Random Forest model with environmental longitudinal data

Hi all,

I have 16S data from environmental samples (rocks) collected at irregular intervals as a fixed-site time series. We have multiple sites, some of which became inaccessible over the course of the study or we started sampling at a later time.

I am interested in training a random forest model to predict the age of a sample using the qiime sample-classifier regress-samples plugin.

I was wondering if anyone could provide insight on the feasibility of using a random forest model on longitudinal data like this? Based on the reading I have done (e.g., see this paper), I believe fixed-site longitudinal data violates the assumptions of a random forest model since it is correlated data.

I have of course used linear mixed effects models on my data (as well as other suggested longitudinal analyses in this tutorial), but I thought it would be very interesting to be able to predict the age based on all of the features.

Perhaps a way to do this would be to perform site-level bootstrapping? Although I do not think qiime can do this at the moment.

Any suggestions on how to proceed would be greatly appreciated.

Nathan

1 Like

Hi @nkhadland,
There is a new plug-in for qiime2 for bootstrapping! q2-boots :hiking_boot:
I hope this is helpful to you!
--Hannah

Hi Hannah,

Thanks for pointing to this. If I understand correctly, random forest models like in qiime sample-classifier regress-samples have bootstrapping built in by definition. I was more curious if metadata defined (e.g., site-level) bootstrapping was possible in qiime, and if that would solve the correlated data problem associated with fixed-site longitudinal data (or if that is a problem I should be concerned with at all). It doesn't appear that the new plugin you suggested works with sample-classifier.

Iā€™m open to suggestions for alternative routes. Perhaps this is a long shot, but does anyone have experience in predictive sample classification with longitudinal data, such as mixed effects regression tree/forest (MERT) models?

Thanks :slight_smile:

Nathan

Hi @nkhadland ,
If I understand correctly (but I skimmed the paper quickly so maybe I missed the point), it sounds like the concerns raised in that paper about use of RF models with longitudinal data is rather about forecasting outcome targets, e.g., training a model on longitudinally sampled data to predict if a patient will develop disease, or if a soil sample is polluted. The reason being that autocorrelation between these samples (as the same site/patient is sampled repeatedly and will share many of the same features over time) will lead to information leakage as the target value (e.g., outcome, or if a site is polluted) is constant across all samples from the same site. Hence why different stratification procedures are proposed, e.g., for training on some sites and testing on a hold-out set of sites not used in training.

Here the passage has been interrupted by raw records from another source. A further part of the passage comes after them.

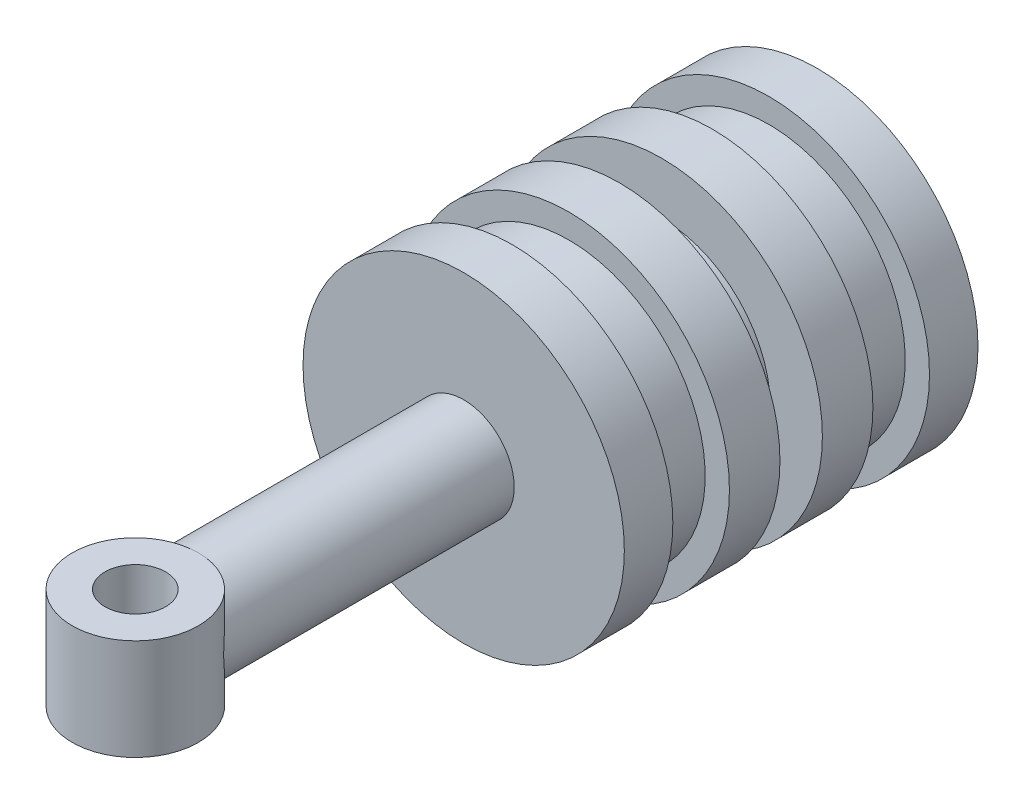
ISO-10303-21;
HEADER;
FILE_DESCRIPTION(('STEP AP214'),'2;1');
FILE_NAME('part.step','',(''),(''),'','','');
FILE_SCHEMA(('AUTOMOTIVE_DESIGN { 1 0 10303 214 1 1 1 1 }'));
ENDSEC;
DATA;
#1=APPLICATION_CONTEXT('core data for automotive mechanical design processes');
#2=APPLICATION_PROTOCOL_DEFINITION('international standard','automotive_design',2000,#1);
#3=PRODUCT_CONTEXT('',#1,'mechanical');
#4=PRODUCT('Part','Part','',(#3));
#5=PRODUCT_RELATED_PRODUCT_CATEGORY('part','',(#4));
#6=PRODUCT_DEFINITION_FORMATION('','',#4);
#7=PRODUCT_DEFINITION_CONTEXT('part definition',#1,'design');
#8=PRODUCT_DEFINITION('design','',#6,#7);
#9=PRODUCT_DEFINITION_SHAPE('','',#8);
#10=(LENGTH_UNIT() NAMED_UNIT(*) SI_UNIT(.MILLI.,.METRE.));
#11=(NAMED_UNIT(*) PLANE_ANGLE_UNIT() SI_UNIT($,.RADIAN.));
#12=(NAMED_UNIT(*) SI_UNIT($,.STERADIAN.) SOLID_ANGLE_UNIT());
#13=UNCERTAINTY_MEASURE_WITH_UNIT(LENGTH_MEASURE(1.E-05),#10,'distance_accuracy_value','');
#14=(GEOMETRIC_REPRESENTATION_CONTEXT(3) GLOBAL_UNCERTAINTY_ASSIGNED_CONTEXT((#13)) GLOBAL_UNIT_ASSIGNED_CONTEXT((#10,
#11,#12)) REPRESENTATION_CONTEXT('',''));
#15=CARTESIAN_POINT('',(0.,0.,0.));
#16=DIRECTION('',(0.,0.,1.));
#17=DIRECTION('',(1.,0.,0.));
#18=AXIS2_PLACEMENT_3D('',#15,#16,#17);
#19=CARTESIAN_POINT('',(0.,0.,35.));
#20=DIRECTION('',(0.,0.,-1.));
#21=DIRECTION('',(-1.,0.,0.));
#22=AXIS2_PLACEMENT_3D('',#19,#20,#21);
#23=CYLINDRICAL_SURFACE('',#22,15.9);
#24=CARTESIAN_POINT('',(0.,0.,30.2));
#25=DIRECTION('',(0.,0.,-1.));
#26=DIRECTION('',(-1.,0.,0.));
#27=AXIS2_PLACEMENT_3D('',#24,#25,#26);
#28=CIRCLE('',#27,15.9);
#29=CARTESIAN_POINT('',(-15.9,0.,30.2));
#30=VERTEX_POINT('',#29);
#31=EDGE_CURVE('E86',#30,#30,#28,.T.);
#32=ORIENTED_EDGE('',*,*,#31,.F.);
#33=EDGE_LOOP('',(#32));
#34=FACE_BOUND('',#33,.T.);
#35=CARTESIAN_POINT('',(0.,0.,35.));
#36=DIRECTION('',(0.,0.,1.));
#37=DIRECTION('',(1.,0.,0.));
#38=AXIS2_PLACEMENT_3D('',#35,#36,#37);
#39=CIRCLE('',#38,15.9);
#40=CARTESIAN_POINT('',(15.9,0.,35.));
#41=VERTEX_POINT('',#40);
#42=EDGE_CURVE('E59',#41,#41,#39,.T.);
#43=ORIENTED_EDGE('',*,*,#42,.F.);
#44=EDGE_LOOP('',(#43));
#45=FACE_BOUND('',#44,.T.);
#46=ADVANCED_FACE('F33',(#34,#45),#23,.T.);
#47=CARTESIAN_POINT('',(0.,0.,35.));
#48=DIRECTION('',(0.,0.,1.));
#49=DIRECTION('',(1.,0.,0.));
#50=AXIS2_PLACEMENT_3D('',#47,#48,#49);
#51=PLANE('',#50);
#52=CARTESIAN_POINT('',(0.,0.,35.));
#53=DIRECTION('',(0.,0.,1.));
#54=DIRECTION('',(1.,0.,0.));
#55=AXIS2_PLACEMENT_3D('',#52,#53,#54);
#56=CIRCLE('',#55,5.);
#57=CARTESIAN_POINT('',(5.,0.,35.));
#58=VERTEX_POINT('',#57);
#59=EDGE_CURVE('E66',#58,#58,#56,.T.);
#60=ORIENTED_EDGE('',*,*,#59,.F.);
#61=EDGE_LOOP('',(#60));
#62=FACE_BOUND('',#61,.T.);
#63=ORIENTED_EDGE('',*,*,#42,.T.);
#64=EDGE_LOOP('',(#63));
#65=FACE_BOUND('',#64,.T.);
#66=ADVANCED_FACE('F129',(#62,#65),#51,.T.);
#67=CARTESIAN_POINT('',(0.,0.,67.5));
#68=DIRECTION('',(0.,0.,-1.));
#69=DIRECTION('',(-1.,0.,0.));
#70=AXIS2_PLACEMENT_3D('',#67,#68,#69);
#71=CYLINDRICAL_SURFACE('',#70,5.);
#72=CARTESIAN_POINT('',(-5.,0.,63.75));
#73=CARTESIAN_POINT('',(-4.99999885776854,0.0938909121280883,63.7499973081609));
#74=CARTESIAN_POINT('',(-4.99734670933994,0.187818115057777,63.7464529538053));
#75=CARTESIAN_POINT('',(-4.98680893324889,0.374886191730902,63.7324675951416));
#76=CARTESIAN_POINT('',(-4.97891973687977,0.468026485386342,63.7220218880348));
#77=CARTESIAN_POINT('',(-4.9475977459603,0.745595294992632,63.6809642800992));
#78=CARTESIAN_POINT('',(-4.91651163359721,0.927784313885939,63.6406350111067));
#79=CARTESIAN_POINT('',(-4.82220555967727,1.34411299218025,63.5230538504446));
#80=CARTESIAN_POINT('',(-4.75156184089542,1.57422595928289,63.437832009276));
#81=CARTESIAN_POINT('',(-4.62456467956746,1.90457082100912,63.2952370729818));
#82=CARTESIAN_POINT('',(-4.57862927978183,2.01238855334762,63.2451455878447));
#83=CARTESIAN_POINT('',(-4.48005171018718,2.22321042709765,63.1414753582653));
#84=CARTESIAN_POINT('',(-4.42740971059429,2.32621469058625,63.0878967023456));
#85=CARTESIAN_POINT('',(-4.29548894563003,2.56385500503684,62.9587890723642));
#86=CARTESIAN_POINT('',(-4.21346186289867,2.69645950010586,62.8823290393125));
#87=CARTESIAN_POINT('',(-4.03784646504337,2.95295736189495,62.7280005243627));
#88=CARTESIAN_POINT('',(-3.9442540003352,3.07684757682343,62.6501315455475));
#89=CARTESIAN_POINT('',(-3.74576821400209,3.31561348088606,62.4952472866746));
#90=CARTESIAN_POINT('',(-3.64088402891136,3.43049633002819,62.4182313712058));
#91=CARTESIAN_POINT('',(-3.41992453564337,3.65081586565111,62.2669742826729));
#92=CARTESIAN_POINT('',(-3.30385297537724,3.7562556929828,62.1927321918292));
#93=CARTESIAN_POINT('',(-2.98698129618399,4.01770521655216,62.00529394231));
#94=CARTESIAN_POINT('',(-2.77734343594186,4.16580191198478,61.8956483278007));
#95=CARTESIAN_POINT('',(-2.33110287063702,4.43092867304237,61.6958558634472));
#96=CARTESIAN_POINT('',(-2.09454289784749,4.54800701609557,61.605678753517));
#97=CARTESIAN_POINT('',(-1.63825553265416,4.72928395602096,61.4646094140582));
#98=CARTESIAN_POINT('',(-1.42199095603612,4.7989718062838,61.409722782913));
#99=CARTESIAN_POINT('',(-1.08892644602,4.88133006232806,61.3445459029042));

However, in your case you do not want to predict an outcome or target that is dependent on site (e.g., predicting an outcome that is fixed for each site, or predicting which site a sample came from), you want to predict timepoint, which is independent of site.

There is quite some precedent for predicting timepoint with RF models, e.g., for predicting age as done in this paper: Persistent gut microbiota immaturity in malnourished Bangladeshi children | Nature

So as long as you do not have, e.g., duplicate samples from a site that could leak information about the temporal signature at that site, it should be okay to try predicting timepoint in your data with a RF regressor.

You could also try cross-validating across site ā€” this would be possible with q2-sample-classifier plus a bit of python (or technically using q2-feature-table, but this would be a little more awkward) to create your training-test set split manually by holding out one site at a time and training your RF regressor directly on the remainder, then predicting values for the hold-out set. This latter approach is basically what is described in that paper, and should be robust (as long as you do not have correlation between sites, e.g., because they have spatial autocorrelation effects), but it might not be necessary to take such a complicated approach given that you want to predict time, not a site-dependent target.

2 Likes

HI @Nicholas_Bokulich

Thanks so much for this context, this is really helpful!

Nathan

This topic was automatically closed 31 days after the last reply. New replies are no longer allowed.